Up until this year, the farthest hydroxyl megamaser was discovered by Arecibo, at a distance of 3.7 billion light-years away.
All of that changed on April 6, 2022, when the preprint of a paper by the Looking At the Distant Universe with the MeerKAT Array (LADUMA) collaboration appeared. Eventually slated to be part of the Square Kilometer Array, a series of radio telescopes which will become the world’s largest, the MeerKAT array contains 64 independent antennas that all function together. The LADUMA collaboration targeted a single patch of sky which encompasses the entire extended Chandra Deep Field South, targeting neutral hydrogen emission lines and serving as a complement to Chandra’s X-ray views, NASA’s WISE mission’s data, and the European Southern Observatory’s VISTA observations of the same region.

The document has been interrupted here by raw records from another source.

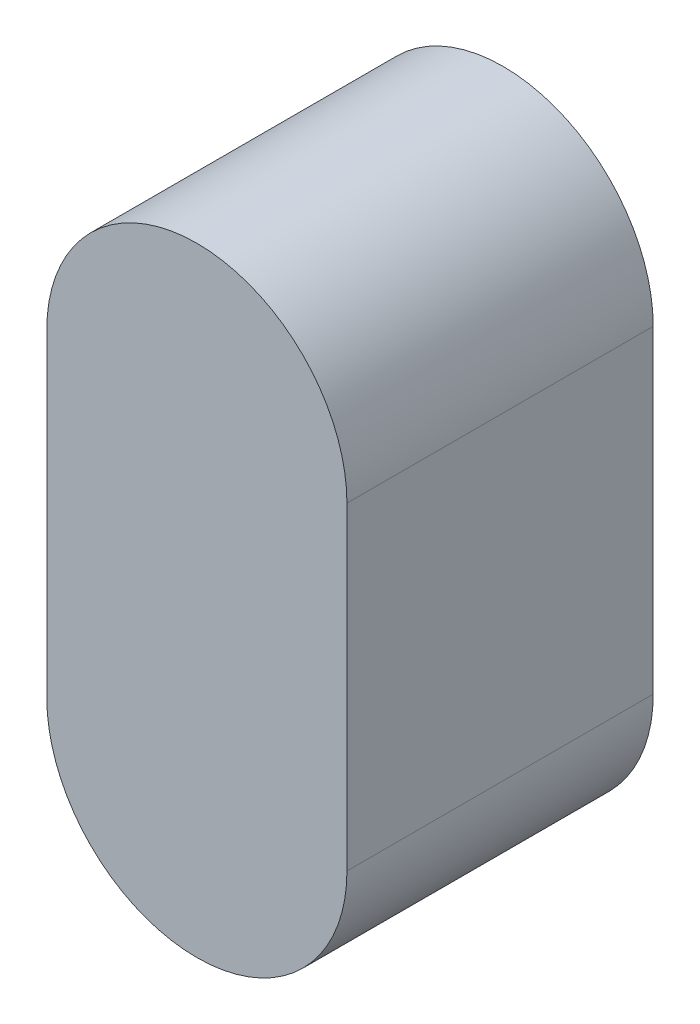
ISO-10303-21;
HEADER;
FILE_DESCRIPTION(('STEP AP214'),'2;1');
FILE_NAME('part.step','',(''),(''),'','','');
FILE_SCHEMA(('AUTOMOTIVE_DESIGN { 1 0 10303 214 1 1 1 1 }'));
ENDSEC;
DATA;
#1=APPLICATION_CONTEXT('core data for automotive mechanical design processes');
#2=APPLICATION_PROTOCOL_DEFINITION('international standard','automotive_design',2000,#1);
#3=PRODUCT_CONTEXT('',#1,'mechanical');
#4=PRODUCT('Part','Part','',(#3));
#5=PRODUCT_RELATED_PRODUCT_CATEGORY('part','',(#4));
#6=PRODUCT_DEFINITION_FORMATION('','',#4);
#7=PRODUCT_DEFINITION_CONTEXT('part definition',#1,'design');
#8=PRODUCT_DEFINITION('design','',#6,#7);
#9=PRODUCT_DEFINITION_SHAPE('','',#8);
#10=(LENGTH_UNIT() NAMED_UNIT(*) SI_UNIT(.MILLI.,.METRE.));
#11=(NAMED_UNIT(*) PLANE_ANGLE_UNIT() SI_UNIT($,.RADIAN.));
#12=(NAMED_UNIT(*) SI_UNIT($,.STERADIAN.) SOLID_ANGLE_UNIT());
#13=UNCERTAINTY_MEASURE_WITH_UNIT(LENGTH_MEASURE(1.E-05),#10,'distance_accuracy_value','');
#14=(GEOMETRIC_REPRESENTATION_CONTEXT(3) GLOBAL_UNCERTAINTY_ASSIGNED_CONTEXT((#13)) GLOBAL_UNIT_ASSIGNED_CONTEXT((#10,
#11,#12)) REPRESENTATION_CONTEXT('',''));
#15=CARTESIAN_POINT('',(0.,0.,0.));
#16=DIRECTION('',(0.,0.,1.));
#17=DIRECTION('',(1.,0.,0.));
#18=AXIS2_PLACEMENT_3D('',#15,#16,#17);
#19=CARTESIAN_POINT('',(0.,4.9,10.));
#20=DIRECTION('',(0.,0.,-1.));
#21=DIRECTION('',(-1.,0.,0.));
#22=AXIS2_PLACEMENT_3D('',#19,#20,#21);
#23=CYLINDRICAL_SURFACE('',#22,4.9);
#24=CARTESIAN_POINT('',(0.,4.9,0.));
#25=DIRECTION('',(0.,0.,1.));
#26=DIRECTION('',(1.,0.,0.));
#27=AXIS2_PLACEMENT_3D('',#24,#25,#26);
#28=CIRCLE('',#27,4.9);
#29=CARTESIAN_POINT('',(-4.9,4.9,0.));
#30=VERTEX_POINT('',#29);
#31=CARTESIAN_POINT('',(4.9,4.9,0.));
#32=VERTEX_POINT('',#31);
#33=EDGE_CURVE('E107',#30,#32,#28,.T.);
#34=ORIENTED_EDGE('',*,*,#33,.T.);
#35=DIRECTION('',(0.,0.,-1.));
#36=VECTOR('',#35,1.);
#37=CARTESIAN_POINT('',(4.9,4.9,10.));
#38=LINE('',#37,#36);
#39=CARTESIAN_POINT('',(4.9,4.9,10.));
#40=VERTEX_POINT('',#39);
#41=EDGE_CURVE('E11',#40,#32,#38,.T.);
#42=ORIENTED_EDGE('',*,*,#41,.F.);
#43=CARTESIAN_POINT('',(0.,4.9,10.));
#44=DIRECTION('',(0.,0.,1.));
#45=DIRECTION('',(1.,0.,0.));
#46=AXIS2_PLACEMENT_3D('',#43,#44,#45);
#47=CIRCLE('',#46,4.9);
#48=CARTESIAN_POINT('',(-4.9,4.9,10.));
#49=VERTEX_POINT('',#48);
#50=EDGE_CURVE('E91',#49,#40,#47,.T.);
#51=ORIENTED_EDGE('',*,*,#50,.F.);
#52=DIRECTION('',(0.,0.,-1.));
#53=VECTOR('',#52,1.);
#54=CARTESIAN_POINT('',(-4.9,4.9,10.));
#55=LINE('',#54,#53);
#56=EDGE_CURVE('E103',#49,#30,#55,.T.);
#57=ORIENTED_EDGE('',*,*,#56,.T.);
#58=EDGE_LOOP('',(#34,#42,#51,#57));
#59=FACE_BOUND('',#58,.T.);
#60=ADVANCED_FACE('F39',(#59),#23,.T.);
#61=CARTESIAN_POINT('',(4.9,4.9,10.));
#62=DIRECTION('',(-1.,0.,0.));
#63=DIRECTION('',(0.,-1.,0.));
#64=AXIS2_PLACEMENT_3D('',#61,#62,#63);
#65=PLANE('',#64);
#66=DIRECTION('',(0.,1.,0.));
#67=VECTOR('',#66,1.);
#68=CARTESIAN_POINT('',(4.9,4.9,0.));
#69=LINE('',#68,#67);
#70=CARTESIAN_POINT('',(4.9,15.3,0.));
#71=VERTEX_POINT('',#70);
#72=EDGE_CURVE('E96',#32,#71,#69,.T.);
#73=ORIENTED_EDGE('',*,*,#72,.T.);
#74=DIRECTION('',(0.,0.,-1.));
#75=VECTOR('',#74,1.);
#76=CARTESIAN_POINT('',(4.9,15.3,10.));
#77=LINE('',#76,#75);
#78=CARTESIAN_POINT('',(4.9,15.3,10.));
#79=VERTEX_POINT('',#78);
#80=EDGE_CURVE('E48',#79,#71,#77,.T.);
#81=ORIENTED_EDGE('',*,*,#80,.F.);
#82=DIRECTION('',(0.,1.,0.));
#83=VECTOR('',#82,1.);
#84=CARTESIAN_POINT('',(4.9,4.9,10.));
#85=LINE('',#84,#83);
#86=EDGE_CURVE('E86',#40,#79,#85,.T.);
#87=ORIENTED_EDGE('',*,*,#86,.F.);
#88=ORIENTED_EDGE('',*,*,#41,.T.);
#89=EDGE_LOOP('',(#73,#81,#87,#88));
#90=FACE_BOUND('',#89,.T.);
#91=ADVANCED_FACE('F95',(#90),#65,.F.);
#92=CARTESIAN_POINT('',(0.,15.3,10.));
#93=DIRECTION('',(0.,0.,-1.));
#94=DIRECTION('',(-1.,0.,0.));
#95=AXIS2_PLACEMENT_3D('',#92,#93,#94);
#96=CYLINDRICAL_SURFACE('',#95,4.9);
#97=CARTESIAN_POINT('',(0.,15.3,0.));
#98=DIRECTION('',(0.,0.,1.));
#99=DIRECTION('',(1.,0.,0.));
#100=AXIS2_PLACEMENT_3D('',#97,#98,#99);
#101=CIRCLE('',#100,4.9);
#102=CARTESIAN_POINT('',(-4.9,15.3,0.));
#103=VERTEX_POINT('',#102);
#104=EDGE_CURVE('E73',#71,#103,#101,.T.);
#105=ORIENTED_EDGE('',*,*,#104,.T.);
#106=DIRECTION('',(0.,0.,-1.));
#107=VECTOR('',#106,1.);
#108=CARTESIAN_POINT('',(-4.9,15.3,10.));
#109=LINE('',#108,#107);
#110=CARTESIAN_POINT('',(-4.9,15.3,10.));
#111=VERTEX_POINT('',#110);
#112=EDGE_CURVE('E98',#111,#103,#109,.T.);
#113=ORIENTED_EDGE('',*,*,#112,.F.);
#114=CARTESIAN_POINT('',(0.,15.3,10.));
#115=DIRECTION('',(0.,0.,1.));
#116=DIRECTION('',(1.,0.,0.));
#117=AXIS2_PLACEMENT_3D('',#114,#115,#116);
#118=CIRCLE('',#117,4.9);
#119=EDGE_CURVE('E89',#79,#111,#118,.T.);
#120=ORIENTED_EDGE('',*,*,#119,.F.);
#121=ORIENTED_EDGE('',*,*,#80,.T.);
#122=EDGE_LOOP('',(#105,#113,#120,#121));
#123=FACE_BOUND('',#122,.T.);
#124=ADVANCED_FACE('F99',(#123),#96,.T.);
#125=CARTESIAN_POINT('',(-4.9,4.9,10.));
#126=DIRECTION('',(1.,0.,0.));
#127=DIRECTION('',(0.,1.,0.));
#128=AXIS2_PLACEMENT_3D('',#125,#126,#127);
#129=PLANE('',#128);
#130=DIRECTION('',(0.,-1.,0.));
#131=VECTOR('',#130,1.);
#132=CARTESIAN_POINT('',(-4.9,4.9,0.));
#133=LINE('',#132,#131);
#134=EDGE_CURVE('E79',#103,#30,#133,.T.);
#135=ORIENTED_EDGE('',*,*,#134,.T.);
#136=ORIENTED_EDGE('',*,*,#56,.F.);
#137=DIRECTION('',(0.,-1.,0.));
#138=VECTOR('',#137,1.);
#139=CARTESIAN_POINT('',(-4.9,4.9,10.));
#140=LINE('',#139,#138);
#141=EDGE_CURVE('E56',#111,#49,#140,.T.);
#142=ORIENTED_EDGE('',*,*,#141,.F.);
#143=ORIENTED_EDGE('',*,*,#112,.T.);
#144=EDGE_LOOP('',(#135,#136,#142,#143));
#145=FACE_BOUND('',#144,.T.);
#146=ADVANCED_FACE('F120',(#145),#129,.F.);
#147=CARTESIAN_POINT('',(0.,4.9,10.));
#148=DIRECTION('',(0.,0.,1.));
#149=DIRECTION('',(1.,0.,0.));
#150=AXIS2_PLACEMENT_3D('',#147,#148,#149);
#151=PLANE('',#150);
#152=ORIENTED_EDGE('',*,*,#50,.T.);
#153=ORIENTED_EDGE('',*,*,#86,.T.);
#154=ORIENTED_EDGE('',*,*,#119,.T.);
#155=ORIENTED_EDGE('',*,*,#141,.T.);
#156=EDGE_LOOP('',(#152,#153,#154,#155));
#157=FACE_BOUND('',#156,.T.);
#158=ADVANCED_FACE('F87',(#157),#151,.T.);
#159=CARTESIAN_POINT('',(0.,4.9,0.));
#160=DIRECTION('',(0.,0.,1.));
#161=DIRECTION('',(1.,0.,0.));
#162=AXIS2_PLACEMENT_3D('',#159,#160,#161);
#163=PLANE('',#162);
#164=ORIENTED_EDGE('',*,*,#33,.F.);
#165=ORIENTED_EDGE('',*,*,#134,.F.);
#166=ORIENTED_EDGE('',*,*,#104,.F.);
#167=ORIENTED_EDGE('',*,*,#72,.F.);
#168=EDGE_LOOP('',(#164,#165,#166,#167));
#169=FACE_BOUND('',#168,.T.);
#170=ADVANCED_FACE('F123',(#169),#163,.F.);
#171=CLOSED_SHELL('',(#60,#91,#124,#146,#158,#170));
#172=MANIFOLD_SOLID_BREP('B2',#171);
#173=ADVANCED_BREP_SHAPE_REPRESENTATION('',(#18,#172),#14);
#174=SHAPE_DEFINITION_REPRESENTATION(#9,#173);
ENDSEC;
END-ISO-10303-21;

What they found, coincident with a galaxy at precisely a redshift of 0.5225, was a megamaser, the most distant and one of the most powerful ever seen, named Nkalakatha: the Zulu word for “big boss”. The megamaser displayed an unambiguous emission line (above) that corresponds to the main hydroxyl emission line, normally seen at 1667 megahertz, redshifted to an observed frequency of 1095 megahertz. That’s exactly what you’d expect if you divided 1667 by (1 + 0.5225): a smoking gun for a megamaser signature. Exactly as expected, this galaxy does turn out to be an ultra-luminous infrared galaxy at a distance of 6.6 billion light-years away, with a megamaser luminosity that’s 6,300 times as great as the Sun. Far and away, it’s the most distant megamaser ever seen, and almost twice as far away as the previous record-holder.
In fact, of all the megamasers ever discovered, this is one of the most luminous both in terms of the brightness of the host galaxy and of the megamaser itself. In a very real way, it’s the most distant laser ever seen in the Universe.
What does all of this mean?
First off, it tells us that these megamasers are out there, and at higher redshifts and greater distances than they’ve ever been detected at previously. It shows the capabilities of MeerKAT, and leads to an expectation that LADUMA alone, just a tiny part of the full Square Kilometer Array, will roughly double the number of known hydroxyl megamasers in only a few years. And finally, it sets a tantalizing expectation that the distance record for farthest megamaser will be broken numerous times in the coming years. In fact, with better observations, one quasar already observed to be 10.2 billion light-years away may have a tentative megamaser detection verified.
One possible surprise is that there’s a large motion seen in the megamaser itself, potentially indicating an outflow, possibly driven by a local starburst within the galaxy that hosts the megamaser, but also possibly driven by obscured activity in the galaxy’s nucleus. Whatever the case, we now know that these megamasers are out there at greater distances than we’ve ever seen before, which motivates us to search farther and deeper, and to continue building next-generation observatories to enable us to find what’s out there. We’re only just learning how galaxies grow and evolve in the Universe, and by adding megamasers into that equation, we’re poised to put together yet another piece of the cosmic puzzle.